### Action item
Only the lines with the string "amount" are needed; return each of them from the entries below.

*** Opening Task data ***

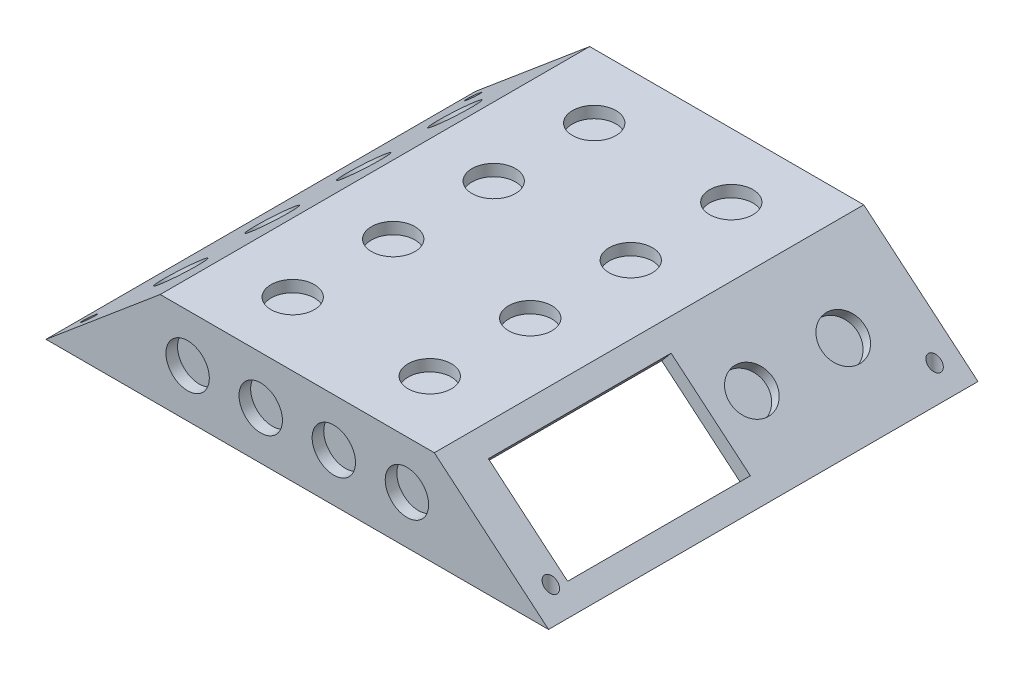
from build123d import *

# Parameters (mm, degrees)
SALIENTE_EXTRUIR1_DEPTH        = 94
CORTAR_EXTRUIR1_DEPTH          = 91
TALADRO_DE_MARGEN_PARA_M2_51_D = 2.7
CORTAR_EXTRUIR2_REACH          = 126.961
CROQUIS12_W                    = 40
CROQUIS12_H                    = 22.649655434
CROQUIS13_R                    = 4.75
CORTAR_EXTRUIR3_DEPTH          = 2.54
CROQUIS14_R                    = 4.75
CORTAR_EXTRUIR4_DEPTH          = 2.54
CROQUIS15_R                    = 4.75
CORTAR_EXTRUIR5_DEPTH          = 2.54
CROQUIS17_R                    = 4.75
CORTAR_EXTRUIR7_DEPTH          = 2.54


with BuildPart() as part:
    # Croquis2 → Saliente-Extruir1 (new body)
    with BuildSketch(Plane.XY):
        Polygon((-30, 21), (-55, 0), (55, 0), (30, 21), align=None)
    extrude(amount=SALIENTE_EXTRUIR1_DEPTH)

    # Croquis3 → Cortar-Extruir1 (cut)
    with BuildSketch(Plane(origin=(0, 0, 0), x_dir=(-1, 0, 0), z_dir=(0, 0, -1))):
        Polygon((-28.834338219, 17.8), (-50.02481441, 0), (50.02481441, 0), (28.834338219, 17.8), align=None)
    extrude(amount=-CORTAR_EXTRUIR1_DEPTH, mode=Mode.SUBTRACT)

    # Taladro de margen para M2.51 (through all)
    with Locations(Plane(origin=(0, 21, 0), x_dir=(1, 0, 0), z_dir=(0, 1, 0))):
        with Locations((-50.5, -5), (50.5, -5), (-50.5, -89), (50.5, -89)):
            Hole(TALADRO_DE_MARGEN_PARA_M2_51_D / 2)

    # Croquis12 → Cortar-Extruir2 (cut, up to next)
    with BuildSketch(Plane(origin=(22.753283302, 27.087242026, 0), x_dir=(0, 0, -1), z_dir=(0.6431920864232734, 0.7657048647896111, 0)), mode=Mode.PRIVATE) as cortar_extruir2_sk1:
        with Locations((-66, -25.788939846)):
            Rectangle(CROQUIS12_W, CROQUIS12_H)
    cortar_extruir2_tool1 = extrude(cortar_extruir2_sk1.sketch, amount=-CORTAR_EXTRUIR2_REACH, mode=Mode.PRIVATE) & part.part
    add(cortar_extruir2_tool1.solids().sort_by_distance((42.5, 10.5, 66))[0], mode=Mode.SUBTRACT)

    # Croquis13 → Cortar-Extruir3 (cut)
    with BuildSketch(Plane(origin=(0, 21, 0), x_dir=(1, 0, 0), z_dir=(0, 1, 0))):
        with Locations((-15, -14)):
            Circle(CROQUIS13_R)
        with Locations((-15, -36)):
            Circle(CROQUIS13_R)
        with Locations((-15, -58)):
            Circle(CROQUIS13_R)
        with Locations((-15, -80)):
            Circle(CROQUIS13_R)
        with Locations((15, -14)):
            Circle(CROQUIS13_R)
        with Locations((15, -36)):
            Circle(CROQUIS13_R)
        with Locations((15, -58)):
            Circle(CROQUIS13_R)
        with Locations((15, -80)):
            Circle(CROQUIS13_R)
    extrude(amount=-CORTAR_EXTRUIR3_DEPTH, mode=Mode.SUBTRACT)

    # Croquis14 → Cortar-Extruir4 (cut)
    with BuildSketch(Plane(origin=(-22.753283302, 27.087242026, 0), x_dir=(0, 0, 1), z_dir=(-0.6431920864232734, 0.7657048647896111, 0))):
        with Locations((17, -25.788939846)):
            Circle(CROQUIS14_R)
        with Locations((37, -25.788939846)):
            Circle(CROQUIS14_R)
        with Locations((57, -25.788939846)):
            Circle(CROQUIS14_R)
        with Locations((77, -25.788939846)):
            Circle(CROQUIS14_R)
    extrude(amount=-CORTAR_EXTRUIR4_DEPTH, mode=Mode.SUBTRACT)

    # Croquis15 → Cortar-Extruir5 (cut)
    with BuildSketch(Plane(origin=(22.753283302, 27.087242026, 0), x_dir=(0, 0, -1), z_dir=(0.6431920864232734, 0.7657048647896111, 0))):
        with Locations((-17, -25.788939846)):
            Circle(CROQUIS15_R)
        with Locations((-37, -25.788939846)):
            Circle(CROQUIS15_R)
    extrude(amount=-CORTAR_EXTRUIR5_DEPTH, mode=Mode.SUBTRACT)

    # Croquis17 → Cortar-Extruir7 (cut)
    with BuildSketch(Plane.XY.offset(94)):
        with Locations((-8, 10.5)):
            Circle(CROQUIS17_R)
        with Locations((8, 10.5)):
            Circle(CROQUIS17_R)
        with Locations((-24, 10.5)):
            Circle(CROQUIS17_R)
        with Locations((24, 10.5)):
            Circle(CROQUIS17_R)
    extrude(amount=-CORTAR_EXTRUIR7_DEPTH, mode=Mode.SUBTRACT)


solid = part.part

*** Closing Task data ***

### Answer for the task
    extrude(amount=SALIENTE_EXTRUIR1_DEPTH)
    extrude(amount=-CORTAR_EXTRUIR1_DEPTH, mode=Mode.SUBTRACT)
    cortar_extruir2_tool1 = extrude(cortar_extruir2_sk1.sketch, amount=-CORTAR_EXTRUIR2_REACH, mode=Mode.PRIVATE) & part.part
    extrude(amount=-CORTAR_EXTRUIR3_DEPTH, mode=Mode.SUBTRACT)
    extrude(amount=-CORTAR_EXTRUIR4_DEPTH, mode=Mode.SUBTRACT)
    extrude(amount=-CORTAR_EXTRUIR5_DEPTH, mode=Mode.SUBTRACT)
    extrude(amount=-CORTAR_EXTRUIR7_DEPTH, mode=Mode.SUBTRACT)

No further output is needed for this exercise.